For the sample Http request values:
showOwner: true
serverId: 20
appId: 1,2,3,5,7,11,13
It would produce the following SQL:
select app.name as "App",
app.owner as "Owner",
sv.name as "Server", sum(act.trans_ct) as "Trans"
from activity_records act, servers sv, applications app
where act.server_id = sv.id
and act.app_id = app.id
and sv.id = 20
and app.id in (1,2,3,5,7,11,13)
group by app.name, app.owner, sv.name
order by app.name, sv.name
I really think that Spring or Hibernate or one of those frameworks should offer a more robust mapping mechanism that verifies types, allows for complex data types like arrays and other such features. I wrote my engine for only my purposes, it isn't quite read for general release. It only works with Oracle queries at the moment and all of the code belongs to a big corporation. Someday I may take my ideas and build a new open source framework, but I'm hoping one of the existing big players will take up the challenge.
Why do you want to generate all the sql by hand? Have you looked at an ORM like Hibernate Depending on your project it will probably do at least 95% of what you need, do it in a cleaner way then raw SQL, and if you need to get the last bit of performance you can create the SQL queries that need to be hand tuned.
You can also have a look at MyBatis (www.mybatis.org) . It helps you write SQL statements outside your java code and maps the sql results into your java objects among other things.
Google provides a library called the Room Persitence Library which provides a very clean way of writing SQL for Android Apps, basically an abstraction layer over underlying SQLite Database. Bellow is short code snippet from the official website:
#Dao
public interface UserDao {
#Query("SELECT * FROM user")
List<User> getAll();
#Query("SELECT * FROM user WHERE uid IN (:userIds)")
List<User> loadAllByIds(int[] userIds);
#Query("SELECT * FROM user WHERE first_name LIKE :first AND "

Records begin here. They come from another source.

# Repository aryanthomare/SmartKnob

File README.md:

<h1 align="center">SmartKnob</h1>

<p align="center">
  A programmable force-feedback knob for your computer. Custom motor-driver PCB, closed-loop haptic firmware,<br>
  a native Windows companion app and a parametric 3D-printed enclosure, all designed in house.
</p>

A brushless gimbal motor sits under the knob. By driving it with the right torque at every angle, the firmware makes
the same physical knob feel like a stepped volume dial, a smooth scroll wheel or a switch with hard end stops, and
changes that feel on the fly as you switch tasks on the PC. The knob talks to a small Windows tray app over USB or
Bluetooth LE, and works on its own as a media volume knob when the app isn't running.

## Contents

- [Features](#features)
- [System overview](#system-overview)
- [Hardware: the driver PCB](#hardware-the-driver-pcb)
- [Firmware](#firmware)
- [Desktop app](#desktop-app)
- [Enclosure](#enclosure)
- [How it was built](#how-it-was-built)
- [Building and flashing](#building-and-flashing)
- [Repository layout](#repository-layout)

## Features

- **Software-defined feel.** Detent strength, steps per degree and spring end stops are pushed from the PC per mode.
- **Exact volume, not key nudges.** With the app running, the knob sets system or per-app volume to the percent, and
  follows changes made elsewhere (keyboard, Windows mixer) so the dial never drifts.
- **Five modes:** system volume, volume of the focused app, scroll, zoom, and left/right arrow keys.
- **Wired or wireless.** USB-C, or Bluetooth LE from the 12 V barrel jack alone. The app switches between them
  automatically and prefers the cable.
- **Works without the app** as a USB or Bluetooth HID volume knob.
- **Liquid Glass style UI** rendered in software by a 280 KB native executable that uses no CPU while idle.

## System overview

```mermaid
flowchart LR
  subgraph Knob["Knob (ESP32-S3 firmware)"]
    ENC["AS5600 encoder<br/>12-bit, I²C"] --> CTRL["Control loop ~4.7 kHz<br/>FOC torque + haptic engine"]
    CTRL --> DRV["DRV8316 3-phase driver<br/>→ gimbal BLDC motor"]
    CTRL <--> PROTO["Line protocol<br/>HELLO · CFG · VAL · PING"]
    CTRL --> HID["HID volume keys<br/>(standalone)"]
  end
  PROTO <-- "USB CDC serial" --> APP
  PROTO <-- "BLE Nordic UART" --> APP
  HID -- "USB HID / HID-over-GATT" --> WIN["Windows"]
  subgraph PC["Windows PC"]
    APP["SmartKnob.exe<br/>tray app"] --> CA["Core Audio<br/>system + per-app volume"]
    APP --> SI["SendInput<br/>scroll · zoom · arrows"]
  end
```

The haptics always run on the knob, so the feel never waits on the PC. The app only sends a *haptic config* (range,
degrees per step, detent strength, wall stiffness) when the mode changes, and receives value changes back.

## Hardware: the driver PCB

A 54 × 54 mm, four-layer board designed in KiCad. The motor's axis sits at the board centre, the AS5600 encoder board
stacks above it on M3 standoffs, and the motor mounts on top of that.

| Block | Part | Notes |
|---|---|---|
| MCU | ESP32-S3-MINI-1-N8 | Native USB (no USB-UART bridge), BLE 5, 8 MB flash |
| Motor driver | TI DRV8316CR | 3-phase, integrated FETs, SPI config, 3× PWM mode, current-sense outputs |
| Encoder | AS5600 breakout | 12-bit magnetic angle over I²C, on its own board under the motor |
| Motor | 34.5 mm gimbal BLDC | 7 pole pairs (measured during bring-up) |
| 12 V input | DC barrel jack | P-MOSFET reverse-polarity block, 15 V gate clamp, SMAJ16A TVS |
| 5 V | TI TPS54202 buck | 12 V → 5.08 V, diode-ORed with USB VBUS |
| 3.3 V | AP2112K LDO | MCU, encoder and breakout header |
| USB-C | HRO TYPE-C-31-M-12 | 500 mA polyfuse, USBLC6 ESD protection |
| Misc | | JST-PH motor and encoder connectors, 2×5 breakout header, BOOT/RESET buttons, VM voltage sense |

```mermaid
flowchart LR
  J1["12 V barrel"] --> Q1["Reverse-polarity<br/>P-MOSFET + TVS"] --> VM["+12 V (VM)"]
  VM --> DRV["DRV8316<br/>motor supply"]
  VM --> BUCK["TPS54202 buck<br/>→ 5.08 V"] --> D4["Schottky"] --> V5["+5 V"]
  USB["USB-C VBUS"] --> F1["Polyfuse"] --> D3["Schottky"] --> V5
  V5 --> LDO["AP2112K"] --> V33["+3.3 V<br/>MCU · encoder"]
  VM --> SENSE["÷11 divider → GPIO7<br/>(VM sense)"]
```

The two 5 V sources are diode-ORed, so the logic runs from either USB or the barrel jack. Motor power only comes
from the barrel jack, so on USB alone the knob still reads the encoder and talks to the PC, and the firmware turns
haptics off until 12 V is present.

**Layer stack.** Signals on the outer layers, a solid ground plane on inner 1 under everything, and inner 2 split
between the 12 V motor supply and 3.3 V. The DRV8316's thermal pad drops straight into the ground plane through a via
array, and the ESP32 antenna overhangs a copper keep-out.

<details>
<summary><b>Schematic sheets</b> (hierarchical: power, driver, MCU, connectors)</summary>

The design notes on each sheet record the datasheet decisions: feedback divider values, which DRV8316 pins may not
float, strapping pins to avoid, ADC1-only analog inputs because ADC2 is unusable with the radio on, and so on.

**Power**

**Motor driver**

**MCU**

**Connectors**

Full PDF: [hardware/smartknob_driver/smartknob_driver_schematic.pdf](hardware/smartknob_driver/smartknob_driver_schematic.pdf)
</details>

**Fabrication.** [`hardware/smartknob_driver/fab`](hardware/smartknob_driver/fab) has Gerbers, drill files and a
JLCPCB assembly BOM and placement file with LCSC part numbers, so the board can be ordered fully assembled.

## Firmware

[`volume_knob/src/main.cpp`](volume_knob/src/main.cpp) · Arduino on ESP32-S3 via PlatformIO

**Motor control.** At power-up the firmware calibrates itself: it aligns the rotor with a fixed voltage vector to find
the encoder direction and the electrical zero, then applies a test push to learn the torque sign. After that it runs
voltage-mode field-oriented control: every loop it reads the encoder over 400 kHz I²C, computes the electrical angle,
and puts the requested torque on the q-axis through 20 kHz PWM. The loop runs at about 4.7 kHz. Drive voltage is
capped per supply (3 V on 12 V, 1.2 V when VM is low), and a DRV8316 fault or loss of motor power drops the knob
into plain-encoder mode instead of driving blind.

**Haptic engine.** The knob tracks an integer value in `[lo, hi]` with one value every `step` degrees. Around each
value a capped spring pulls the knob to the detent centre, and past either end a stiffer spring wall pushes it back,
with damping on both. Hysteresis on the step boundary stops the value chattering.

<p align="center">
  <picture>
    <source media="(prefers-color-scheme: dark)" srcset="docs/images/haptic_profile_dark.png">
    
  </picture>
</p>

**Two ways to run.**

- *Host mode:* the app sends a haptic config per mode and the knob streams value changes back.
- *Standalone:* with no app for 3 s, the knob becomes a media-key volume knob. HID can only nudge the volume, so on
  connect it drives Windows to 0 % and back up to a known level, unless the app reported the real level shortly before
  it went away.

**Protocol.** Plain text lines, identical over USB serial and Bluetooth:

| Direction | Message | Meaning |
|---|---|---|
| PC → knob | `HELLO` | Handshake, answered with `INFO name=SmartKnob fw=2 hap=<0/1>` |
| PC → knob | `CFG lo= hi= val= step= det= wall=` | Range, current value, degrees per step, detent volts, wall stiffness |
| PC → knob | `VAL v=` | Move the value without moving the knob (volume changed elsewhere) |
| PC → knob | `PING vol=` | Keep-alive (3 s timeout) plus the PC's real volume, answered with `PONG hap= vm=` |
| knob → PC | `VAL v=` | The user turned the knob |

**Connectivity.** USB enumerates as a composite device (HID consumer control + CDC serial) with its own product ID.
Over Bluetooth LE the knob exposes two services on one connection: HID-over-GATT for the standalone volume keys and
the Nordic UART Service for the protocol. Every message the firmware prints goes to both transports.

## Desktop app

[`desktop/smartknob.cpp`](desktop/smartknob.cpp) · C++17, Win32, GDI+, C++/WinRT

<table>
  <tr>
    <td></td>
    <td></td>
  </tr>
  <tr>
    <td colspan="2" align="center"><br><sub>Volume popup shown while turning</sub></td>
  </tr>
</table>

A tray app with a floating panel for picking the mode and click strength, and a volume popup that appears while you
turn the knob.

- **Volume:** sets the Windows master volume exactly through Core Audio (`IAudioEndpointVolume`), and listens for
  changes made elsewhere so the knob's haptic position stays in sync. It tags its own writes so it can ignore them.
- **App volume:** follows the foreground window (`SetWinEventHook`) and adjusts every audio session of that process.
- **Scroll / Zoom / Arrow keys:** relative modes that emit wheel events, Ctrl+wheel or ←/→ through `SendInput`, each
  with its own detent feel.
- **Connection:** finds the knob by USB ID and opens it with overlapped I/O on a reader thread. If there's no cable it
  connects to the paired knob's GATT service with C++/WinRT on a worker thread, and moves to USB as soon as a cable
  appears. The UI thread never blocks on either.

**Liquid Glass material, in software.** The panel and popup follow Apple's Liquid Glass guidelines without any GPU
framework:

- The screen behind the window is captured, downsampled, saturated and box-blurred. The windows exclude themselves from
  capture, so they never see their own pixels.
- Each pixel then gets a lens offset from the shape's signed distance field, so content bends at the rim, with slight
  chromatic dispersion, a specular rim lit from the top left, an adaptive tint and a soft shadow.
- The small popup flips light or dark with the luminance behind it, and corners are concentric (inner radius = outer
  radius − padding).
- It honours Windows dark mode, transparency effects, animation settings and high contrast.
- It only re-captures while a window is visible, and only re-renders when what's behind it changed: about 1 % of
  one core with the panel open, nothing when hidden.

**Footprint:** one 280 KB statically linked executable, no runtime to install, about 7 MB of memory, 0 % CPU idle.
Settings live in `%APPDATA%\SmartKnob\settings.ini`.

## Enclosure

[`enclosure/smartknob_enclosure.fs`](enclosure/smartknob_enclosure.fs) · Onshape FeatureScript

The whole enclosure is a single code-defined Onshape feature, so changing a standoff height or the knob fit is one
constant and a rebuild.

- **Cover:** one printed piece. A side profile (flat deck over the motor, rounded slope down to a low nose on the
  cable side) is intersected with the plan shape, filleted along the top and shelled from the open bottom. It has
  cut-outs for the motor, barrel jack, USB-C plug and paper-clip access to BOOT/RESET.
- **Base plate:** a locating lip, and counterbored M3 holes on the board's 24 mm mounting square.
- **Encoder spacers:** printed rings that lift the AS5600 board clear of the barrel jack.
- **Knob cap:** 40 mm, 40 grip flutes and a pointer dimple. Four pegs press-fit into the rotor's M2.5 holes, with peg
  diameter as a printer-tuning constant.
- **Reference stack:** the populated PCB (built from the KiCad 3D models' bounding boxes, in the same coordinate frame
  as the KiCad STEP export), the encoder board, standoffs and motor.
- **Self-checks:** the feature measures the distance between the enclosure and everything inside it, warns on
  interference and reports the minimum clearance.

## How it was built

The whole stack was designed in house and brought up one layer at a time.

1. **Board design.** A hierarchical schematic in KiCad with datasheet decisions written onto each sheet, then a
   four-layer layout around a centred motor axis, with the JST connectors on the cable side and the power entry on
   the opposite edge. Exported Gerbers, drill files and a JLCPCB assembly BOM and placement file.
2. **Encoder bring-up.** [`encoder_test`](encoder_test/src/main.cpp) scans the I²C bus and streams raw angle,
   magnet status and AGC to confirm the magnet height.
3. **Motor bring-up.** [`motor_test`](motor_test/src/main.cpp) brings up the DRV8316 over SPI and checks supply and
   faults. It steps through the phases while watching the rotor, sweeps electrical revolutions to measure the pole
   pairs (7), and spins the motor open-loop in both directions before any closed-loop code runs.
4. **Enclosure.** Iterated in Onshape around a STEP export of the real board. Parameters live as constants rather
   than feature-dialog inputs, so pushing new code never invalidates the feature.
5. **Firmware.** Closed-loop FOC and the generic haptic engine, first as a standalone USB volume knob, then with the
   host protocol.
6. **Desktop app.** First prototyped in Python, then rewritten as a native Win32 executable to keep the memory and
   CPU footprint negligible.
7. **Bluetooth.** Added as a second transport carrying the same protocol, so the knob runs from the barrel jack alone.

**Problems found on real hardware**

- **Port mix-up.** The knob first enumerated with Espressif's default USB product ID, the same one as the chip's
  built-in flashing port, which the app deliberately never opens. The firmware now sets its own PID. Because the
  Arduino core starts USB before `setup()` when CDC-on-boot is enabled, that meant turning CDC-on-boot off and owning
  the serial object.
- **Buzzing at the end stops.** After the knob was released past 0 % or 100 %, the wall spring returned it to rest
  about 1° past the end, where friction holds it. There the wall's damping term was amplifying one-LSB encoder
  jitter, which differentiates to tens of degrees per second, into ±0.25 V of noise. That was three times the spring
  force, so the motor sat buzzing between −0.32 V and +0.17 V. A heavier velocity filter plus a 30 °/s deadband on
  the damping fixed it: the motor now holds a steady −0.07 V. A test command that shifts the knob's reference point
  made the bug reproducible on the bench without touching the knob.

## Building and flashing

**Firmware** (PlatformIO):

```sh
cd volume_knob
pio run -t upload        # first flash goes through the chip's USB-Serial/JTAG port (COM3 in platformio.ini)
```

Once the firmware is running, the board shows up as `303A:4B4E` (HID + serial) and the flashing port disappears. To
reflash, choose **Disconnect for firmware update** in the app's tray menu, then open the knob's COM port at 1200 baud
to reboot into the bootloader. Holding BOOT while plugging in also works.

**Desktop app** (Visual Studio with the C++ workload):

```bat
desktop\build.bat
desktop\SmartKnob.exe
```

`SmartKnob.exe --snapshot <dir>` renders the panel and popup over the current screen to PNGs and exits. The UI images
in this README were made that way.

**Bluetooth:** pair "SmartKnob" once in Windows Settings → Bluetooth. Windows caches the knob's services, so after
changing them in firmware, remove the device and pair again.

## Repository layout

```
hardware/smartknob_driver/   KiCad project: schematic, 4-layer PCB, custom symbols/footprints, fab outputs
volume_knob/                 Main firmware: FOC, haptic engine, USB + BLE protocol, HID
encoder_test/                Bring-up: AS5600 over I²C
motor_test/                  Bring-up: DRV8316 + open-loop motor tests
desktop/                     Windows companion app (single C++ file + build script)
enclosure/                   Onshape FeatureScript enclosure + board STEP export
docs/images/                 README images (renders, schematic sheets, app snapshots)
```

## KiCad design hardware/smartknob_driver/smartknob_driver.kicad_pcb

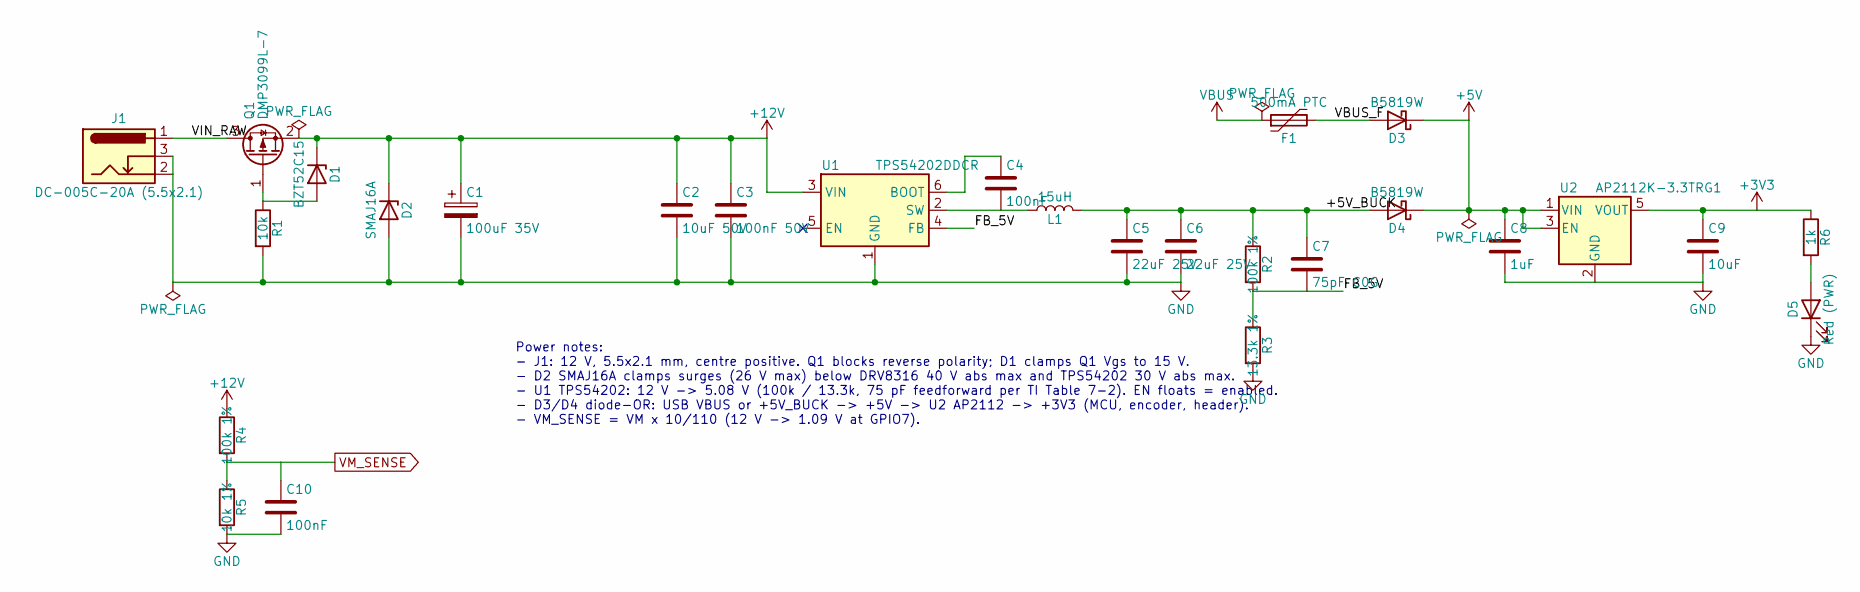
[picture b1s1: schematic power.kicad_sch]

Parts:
C1: 100uF 35V; CP_Elec_6.3x7.7; LCSC C294520
C2: 10uF 50V; C_1206_3216Metric; LCSC C13585
C3: 100nF 50V; C_0603_1608Metric; LCSC C14663
C4, C10: 100nF; C_0402_1005Metric; LCSC C1525
C5, C6: 22uF 25V; C_0805_2012Metric; LCSC C45783
C7: 75pF C0G; C_0402_1005Metric; LCSC C107010
C8: 1uF; C_0402_1005Metric; LCSC C52923
C9: 10uF; C_0603_1608Metric; LCSC C19702
D1: BZT52C15; D_SOD-123; LCSC C2932746
D2: SMAJ16A; D_SMA; LCSC C74561
D3, D4: B5819W; D_SOD-123; LCSC C8598
D5: Red (PWR); LED_0603_1608Metric; LCSC C2286
F1: 500mA PTC; Fuse_0805_2012Metric; LCSC C20978
J1: DC-005C-20A (5.5x2.1); BarrelJack_Hroparts_DC-005C-20A_Horizontal; LCSC C84007
L1: 15uH; L_Sunlord_SWPA5040S; LCSC C44888
Q1: DMP3099L-7; SOT-23; LCSC C155244
R1: 10k; R_0402_1005Metric; LCSC C25744
R2, R4: 100k 1%; R_0402_1005Metric; LCSC C25741
R3: 13.3k 1%; R_0402_1005Metric; LCSC C274352
R5: 10k 1%; R_0402_1005Metric; LCSC C25744
R6: 1k; R_0402_1005Metric; LCSC C11702
U1: TPS54202DDCR; SOT-23-6; LCSC C191884
U2: AP2112K-3.3TRG1; SOT-23-5; LCSC C51118

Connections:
+3V3: C9.1, R6.1, U2.5 (VOUT); also elsewhere on the board
+5V: C8.1, D3.1 (K), D4.1 (K), U2.1 (VIN), U2.3 (EN)
+12V: C1.1, C2.1, C3.1, D1.1 (K), D2.1 (K), Q1.2 (S), R4.1, U1.3 (VIN); also elsewhere on the board
/Power/+5V_BUCK: C5.1, C6.1, C7.1, D4.2 (A), L1.2, R2.1
/Power/FB_5V: C7.2, R2.2, R3.1, U1.4 (FB)
/Power/VBUS_F: D3.2 (A), F1.2
/Power/VIN_RAW: J1.1, Q1.3 (D)
GND: C1.2, C2.2, C3.2, C5.2, C6.2, C8.2, C9.2, C10.2, D2.2 (A), D5.1 (K), J1.2, J1.3, R1.2, R3.2, R5.2, U1.1 (GND), U2.2 (GND); also elsewhere on the board
unnamed: D1.2 (A), Q1.1 (G), R1.1
unnamed: D5.2 (A), R6.2
unnamed: C4.1, U1.6 (BOOT)
unnamed: C4.2, L1.1, U1.2 (SW)
VBUS: F1.1; also elsewhere on the board
VM_SENSE: C10.1, R4.2, R5.1; also elsewhere on the board

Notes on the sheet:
Power notes: - J1: 12 V, 5.5x2.1 mm, centre positive. Q1 blocks reverse polarity; D1 clamps Q1 Vgs to 15 V. - D2 SMAJ16A clamps surges (26 V max) below DRV8316 40 V abs max and TPS54202 30 V abs max. - U1 TPS54202: 12 V -> 5.08 V (100k / 13.3k, 75 pF feedforward per TI Table 7-2). EN floats = enabl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

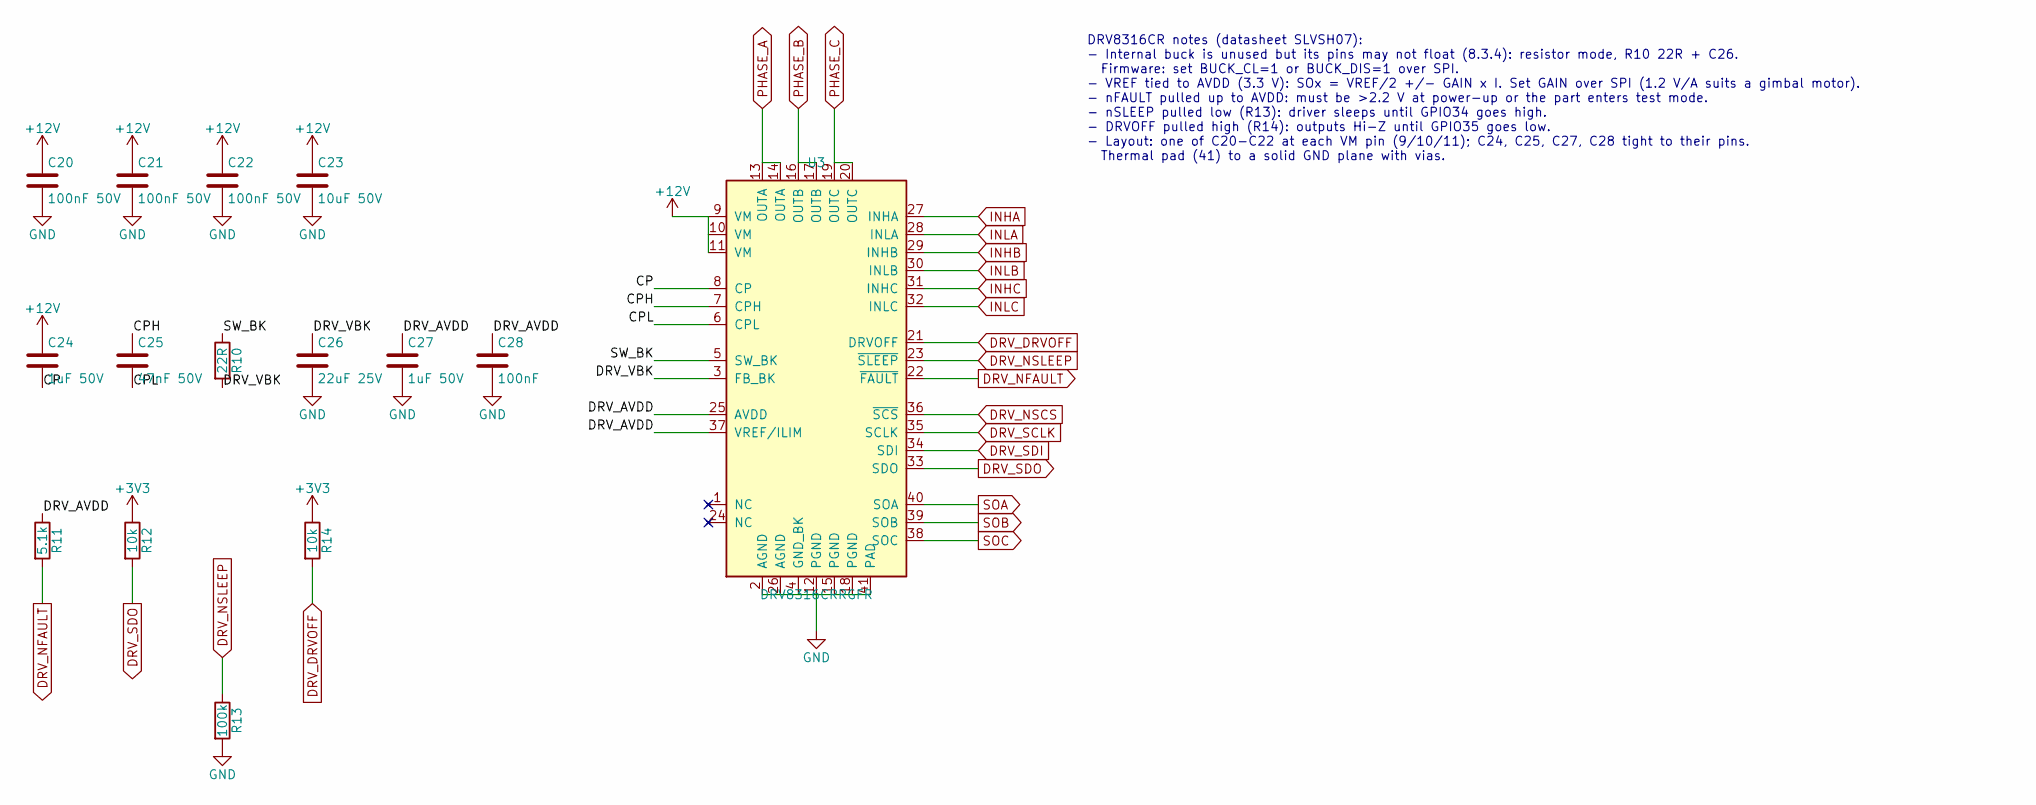
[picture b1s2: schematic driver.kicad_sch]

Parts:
C20, C21, C22: 100nF 50V; C_0603_1608Metric; LCSC C14663
C23: 10uF 50V; C_1206_3216Metric; LCSC C13585
C24, C27: 1uF 50V; C_0603_1608Metric; LCSC C15849
C25: 47nF 50V; C_0603_1608Metric; LCSC C1622
C26: 22uF 25V; C_0805_2012Metric; LCSC C45783
C28: 100nF; C_0402_1005Metric; LCSC C1525
R10: 22R; R_0603_1608Metric; LCSC C23345
R11: 5.1k; R_0402_1005Metric; LCSC C25905
R12, R14: 10k; R_0402_1005Metric; LCSC C25744
R13: 100k; R_0402_1005Metric; LCSC C25741
U3: DRV8316CRRGFR; TI_RGF0040E_VQFN-40-1EP_5x7mm_P0.5mm_EP3.7x5.7mm_ThermalVias; LCSC C5447274

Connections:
+3V3: R12.1, R14.1; also elsewhere on the board
+12V: C20.1, C21.1, C22.1, C23.1, C24.1, U3.9 (VM), U3.10 (VM), U3.11 (VM); also elsewhere on the board
/Driver/CP: C24.2, U3.8 (CP)
/Driver/CPH: C25.1, U3.7 (CPH)
/Driver/CPL: C25.2, U3.6 (CPL)
/Driver/DRV_AVDD: C27.1, C28.1, R11.1, U3.25 (AVDD), U3.37 (VREF/ILIM)
/Driver/DRV_VBK: C26.1, R10.2, U3.3 (FB_BK)
/Driver/SW_BK: R10.1, U3.5 (SW_BK)
DRV_DRVOFF: R14.2, U3.21 (DRVOFF); also elsewhere on the board
DRV_NFAULT: R11.2, U3.22 (~FAULT); also elsewhere on the board
DRV_NSCS: U3.36 (~SCS); also elsewhere on the board
DRV_NSLEEP: R13.1, U3.23 (~SLEEP); also elsewhere on the board
DRV_SCLK: U3.35 (SCLK); also elsewhere on the board
DRV_SDI: U3.34 (SDI); also elsewhere on the board
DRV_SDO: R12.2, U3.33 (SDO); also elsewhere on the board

+ "last_name LIKE :last LIMIT 1")
User findByName(String first, String last);
#Insert
void insertAll(User... users);
#Delete
void delete(User user);
}
There are more examples and better documentation in the official docs for the library.
There is also one called MentaBean which is a Java ORM. It has nice features and seems to be pretty simple way of writing SQL.
Read an XML file.
You can read it from an XML file. Its easy to maintain and work with.
There are standard STaX, DOM, SAX parsers available out there to make it few lines of code in java.
Do more with attributes
You can have some semantic information with attributes on the tag to help do more with the SQL. This can be the method name or query type or anything that helps you code less.
Maintaince
You can put the xml outside the jar and easily maintain it. Same benefits as a properties file.
Conversion
XML is extensible and easily convertible to other formats.
Use Case
Metamug uses xml to configure REST resource files with sql.
If you put the SQL strings in a properties file and then read that in you can keep the SQL strings in a plain text file.
That doesn't solve the SQL type issues, but at least it makes copying&pasting from TOAD or sqlplus much easier.
How do you get string concatenation, aside from long SQL strings in PreparedStatements (that you could easily provide in a text file and load as a resource anyway) that you break over several lines?
You aren't creating SQL strings directly are you? That's the biggest no-no in programming. Please use PreparedStatements, and supply the data as parameters. It reduces the chance of SQL Injection vastly.